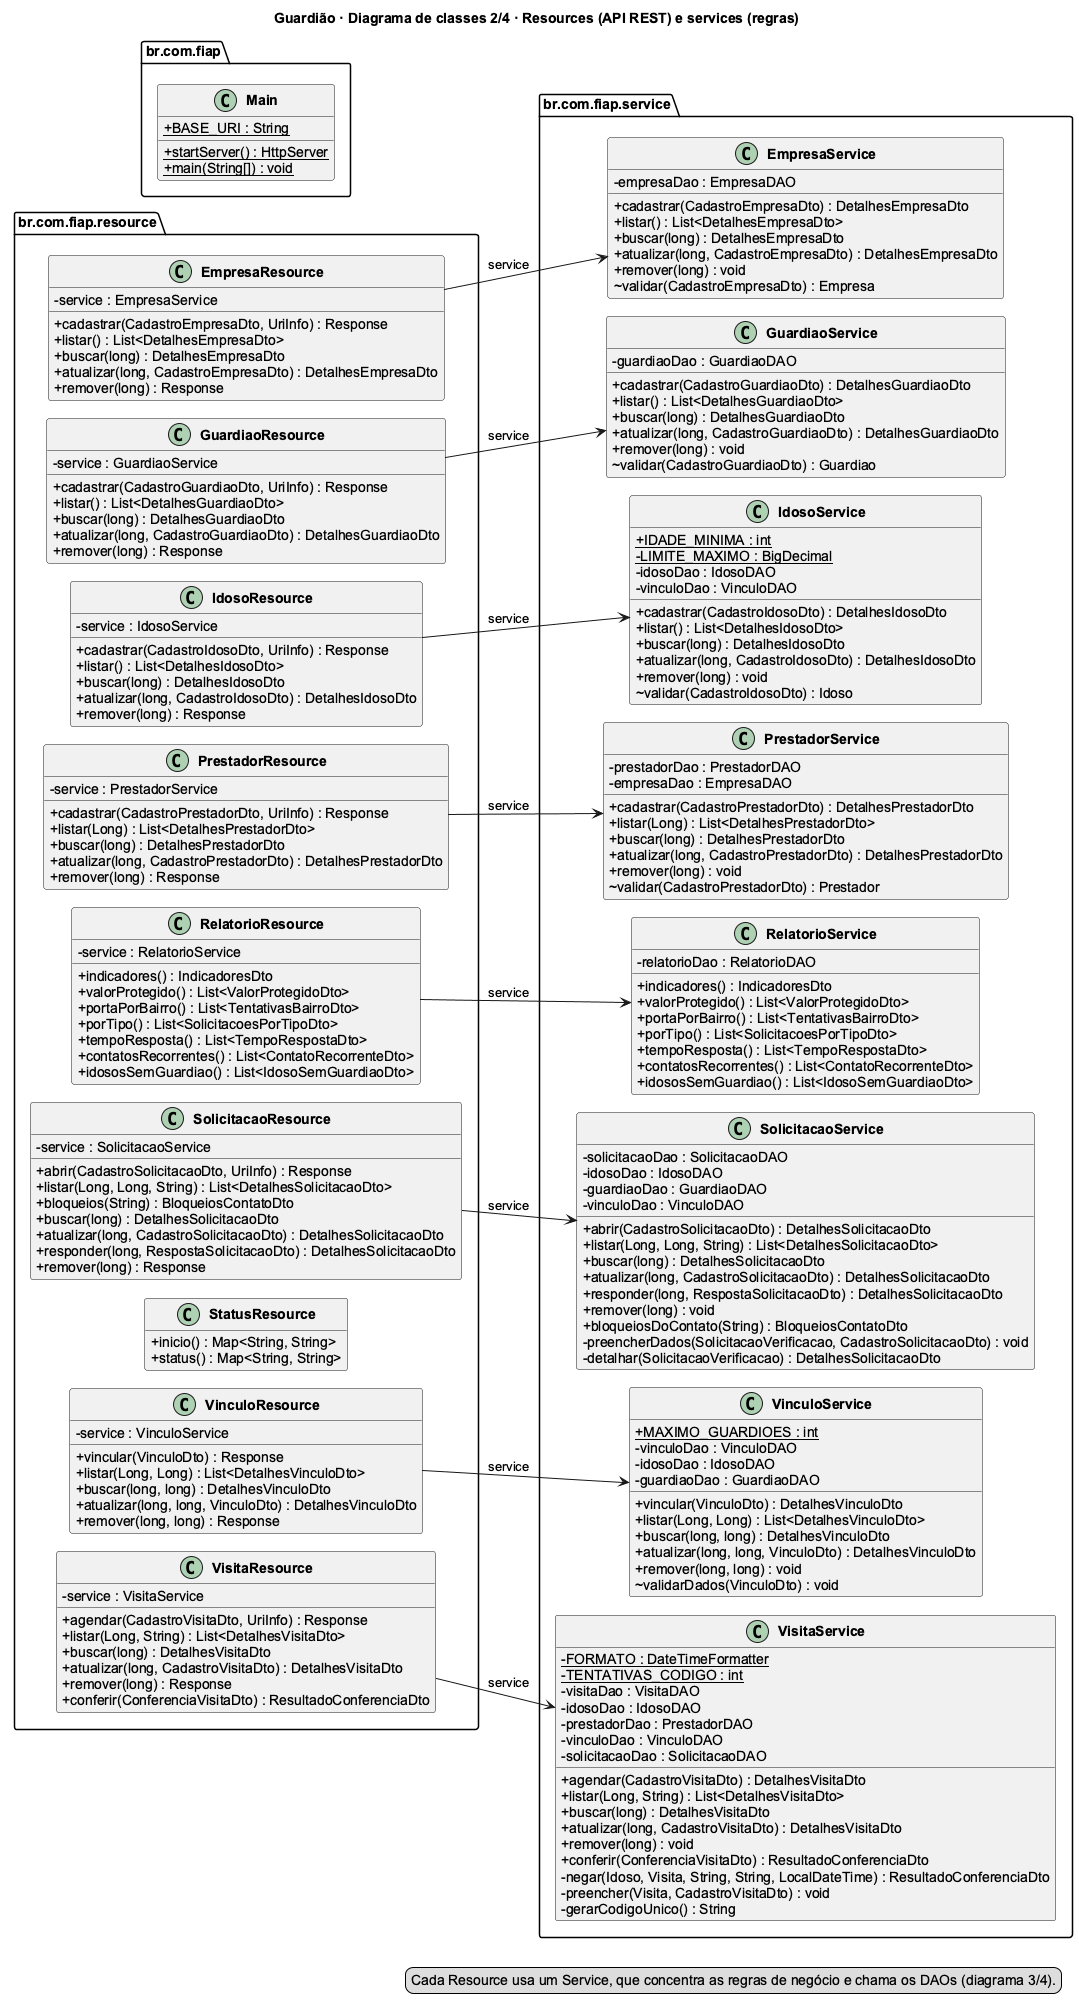

The diagram above was rendered by PlantUML. Its source (embedded in the PNG):
@startuml
!pragma layout smetana
skinparam classAttributeIconSize 0
skinparam shadowing false
skinparam classFontStyle bold
skinparam defaultFontName Arial
skinparam linetype ortho
hide empty members
set separator none
title Guardião · Diagrama de classes 2/4 · Resources (API REST) e services (regras)
left to right direction
package br.com.fiap.resource {
class EmpresaResource {
  -service : EmpresaService
  +cadastrar(CadastroEmpresaDto, UriInfo) : Response
  +listar() : List<DetalhesEmpresaDto>
  +buscar(long) : DetalhesEmpresaDto
  +atualizar(long, CadastroEmpresaDto) : DetalhesEmpresaDto
  +remover(long) : Response
}
class GuardiaoResource {
  -service : GuardiaoService
  +cadastrar(CadastroGuardiaoDto, UriInfo) : Response
  +listar() : List<DetalhesGuardiaoDto>
  +buscar(long) : DetalhesGuardiaoDto
  +atualizar(long, CadastroGuardiaoDto) : DetalhesGuardiaoDto
  +remover(long) : Response
}
class IdosoResource {
  -service : IdosoService
  +cadastrar(CadastroIdosoDto, UriInfo) : Response
  +listar() : List<DetalhesIdosoDto>
  +buscar(long) : DetalhesIdosoDto
  +atualizar(long, CadastroIdosoDto) : DetalhesIdosoDto
  +remover(long) : Response
}
class PrestadorResource {
  -service : PrestadorService
  +cadastrar(CadastroPrestadorDto, UriInfo) : Response
  +listar(Long) : List<DetalhesPrestadorDto>
  +buscar(long) : DetalhesPrestadorDto
  +atualizar(long, CadastroPrestadorDto) : DetalhesPrestadorDto
  +remover(long) : Response
}
class RelatorioResource {
  -service : RelatorioService
  +indicadores() : IndicadoresDto
  +valorProtegido() : List<ValorProtegidoDto>
  +portaPorBairro() : List<TentativasBairroDto>
  +porTipo() : List<SolicitacoesPorTipoDto>
  +tempoResposta() : List<TempoRespostaDto>
  +contatosRecorrentes() : List<ContatoRecorrenteDto>
  +idososSemGuardiao() : List<IdosoSemGuardiaoDto>
}
class SolicitacaoResource {
  -service : SolicitacaoService
  +abrir(CadastroSolicitacaoDto, UriInfo) : Response
  +listar(Long, Long, String) : List<DetalhesSolicitacaoDto>
  +bloqueios(String) : BloqueiosContatoDto
  +buscar(long) : DetalhesSolicitacaoDto
  +atualizar(long, CadastroSolicitacaoDto) : DetalhesSolicitacaoDto
  +responder(long, RespostaSolicitacaoDto) : DetalhesSolicitacaoDto
  +remover(long) : Response
}
class StatusResource {
  +inicio() : Map<String, String>
  +status() : Map<String, String>
}
class VinculoResource {
  -service : VinculoService
  +vincular(VinculoDto) : Response
  +listar(Long, Long) : List<DetalhesVinculoDto>
  +buscar(long, long) : DetalhesVinculoDto
  +atualizar(long, long, VinculoDto) : DetalhesVinculoDto
  +remover(long, long) : Response
}
class VisitaResource {
  -service : VisitaService
  +agendar(CadastroVisitaDto, UriInfo) : Response
  +listar(Long, String) : List<DetalhesVisitaDto>
  +buscar(long) : DetalhesVisitaDto
  +atualizar(long, CadastroVisitaDto) : DetalhesVisitaDto
  +remover(long) : Response
  +conferir(ConferenciaVisitaDto) : ResultadoConferenciaDto
}
}
package br.com.fiap.service {
class EmpresaService {
  -empresaDao : EmpresaDAO
  +cadastrar(CadastroEmpresaDto) : DetalhesEmpresaDto
  +listar() : List<DetalhesEmpresaDto>
  +buscar(long) : DetalhesEmpresaDto
  +atualizar(long, CadastroEmpresaDto) : DetalhesEmpresaDto
  +remover(long) : void
  ~validar(CadastroEmpresaDto) : Empresa
}
class GuardiaoService {
  -guardiaoDao : GuardiaoDAO
  +cadastrar(CadastroGuardiaoDto) : DetalhesGuardiaoDto
  +listar() : List<DetalhesGuardiaoDto>
  +buscar(long) : DetalhesGuardiaoDto
  +atualizar(long, CadastroGuardiaoDto) : DetalhesGuardiaoDto
  +remover(long) : void
  ~validar(CadastroGuardiaoDto) : Guardiao
}
class IdosoService {
  +{static} IDADE_MINIMA : int
  -{static} LIMITE_MAXIMO : BigDecimal
  -idosoDao : IdosoDAO
  -vinculoDao : VinculoDAO
  +cadastrar(CadastroIdosoDto) : DetalhesIdosoDto
  +listar() : List<DetalhesIdosoDto>
  +buscar(long) : DetalhesIdosoDto
  +atualizar(long, CadastroIdosoDto) : DetalhesIdosoDto
  +remover(long) : void
  ~validar(CadastroIdosoDto) : Idoso
}
class PrestadorService {
  -prestadorDao : PrestadorDAO
  -empresaDao : EmpresaDAO
  +cadastrar(CadastroPrestadorDto) : DetalhesPrestadorDto
  +listar(Long) : List<DetalhesPrestadorDto>
  +buscar(long) : DetalhesPrestadorDto
  +atualizar(long, CadastroPrestadorDto) : DetalhesPrestadorDto
  +remover(long) : void
  ~validar(CadastroPrestadorDto) : Prestador
}
class RelatorioService {
  -relatorioDao : RelatorioDAO
  +indicadores() : IndicadoresDto
  +valorProtegido() : List<ValorProtegidoDto>
  +portaPorBairro() : List<TentativasBairroDto>
  +porTipo() : List<SolicitacoesPorTipoDto>
  +tempoResposta() : List<TempoRespostaDto>
  +contatosRecorrentes() : List<ContatoRecorrenteDto>
  +idososSemGuardiao() : List<IdosoSemGuardiaoDto>
}
class SolicitacaoService {
  -solicitacaoDao : SolicitacaoDAO
  -idosoDao : IdosoDAO
  -guardiaoDao : GuardiaoDAO
  -vinculoDao : VinculoDAO
  +abrir(CadastroSolicitacaoDto) : DetalhesSolicitacaoDto
  +listar(Long, Long, String) : List<DetalhesSolicitacaoDto>
  +buscar(long) : DetalhesSolicitacaoDto
  +atualizar(long, CadastroSolicitacaoDto) : DetalhesSolicitacaoDto
  +responder(long, RespostaSolicitacaoDto) : DetalhesSolicitacaoDto
  +remover(long) : void
  +bloqueiosDoContato(String) : BloqueiosContatoDto
  -preencherDados(SolicitacaoVerificacao, CadastroSolicitacaoDto) : void
  -detalhar(SolicitacaoVerificacao) : DetalhesSolicitacaoDto
}
class VinculoService {
  +{static} MAXIMO_GUARDIOES : int
  -vinculoDao : VinculoDAO
  -idosoDao : IdosoDAO
  -guardiaoDao : GuardiaoDAO
  +vincular(VinculoDto) : DetalhesVinculoDto
  +listar(Long, Long) : List<DetalhesVinculoDto>
  +buscar(long, long) : DetalhesVinculoDto
  +atualizar(long, long, VinculoDto) : DetalhesVinculoDto
  +remover(long, long) : void
  ~validarDados(VinculoDto) : void
}
class VisitaService {
  -{static} FORMATO : DateTimeFormatter
  -{static} TENTATIVAS_CODIGO : int
  -visitaDao : VisitaDAO
  -idosoDao : IdosoDAO
  -prestadorDao : PrestadorDAO
  -vinculoDao : VinculoDAO
  -solicitacaoDao : SolicitacaoDAO
  +agendar(CadastroVisitaDto) : DetalhesVisitaDto
  +listar(Long, String) : List<DetalhesVisitaDto>
  +buscar(long) : DetalhesVisitaDto
  +atualizar(long, CadastroVisitaDto) : DetalhesVisitaDto
  +remover(long) : void
  +conferir(ConferenciaVisitaDto) : ResultadoConferenciaDto
  -negar(Idoso, Visita, String, String, LocalDateTime) : ResultadoConferenciaDto
  -preencher(Visita, CadastroVisitaDto) : void
  -gerarCodigoUnico() : String
}
}
package br.com.fiap {
class Main {
  +{static} BASE_URI : String
  +{static} startServer() : HttpServer
  +{static} main(String[]) : void
}
}
EmpresaResource --> EmpresaService : service
GuardiaoResource --> GuardiaoService : service
IdosoResource --> IdosoService : service
PrestadorResource --> PrestadorService : service
RelatorioResource --> RelatorioService : service
SolicitacaoResource --> SolicitacaoService : service
VinculoResource --> VinculoService : service
VisitaResource --> VisitaService : service
legend right
Cada Resource usa um Service, que concentra as regras de negócio e chama os DAOs (diagrama 3/4).
endlegend
@enduml

Required action.
Your task is to copy each line of the entries that includes the word "GuardiaoResource".

Reply to the exercise.
class GuardiaoResource {
GuardiaoResource --> GuardiaoService : service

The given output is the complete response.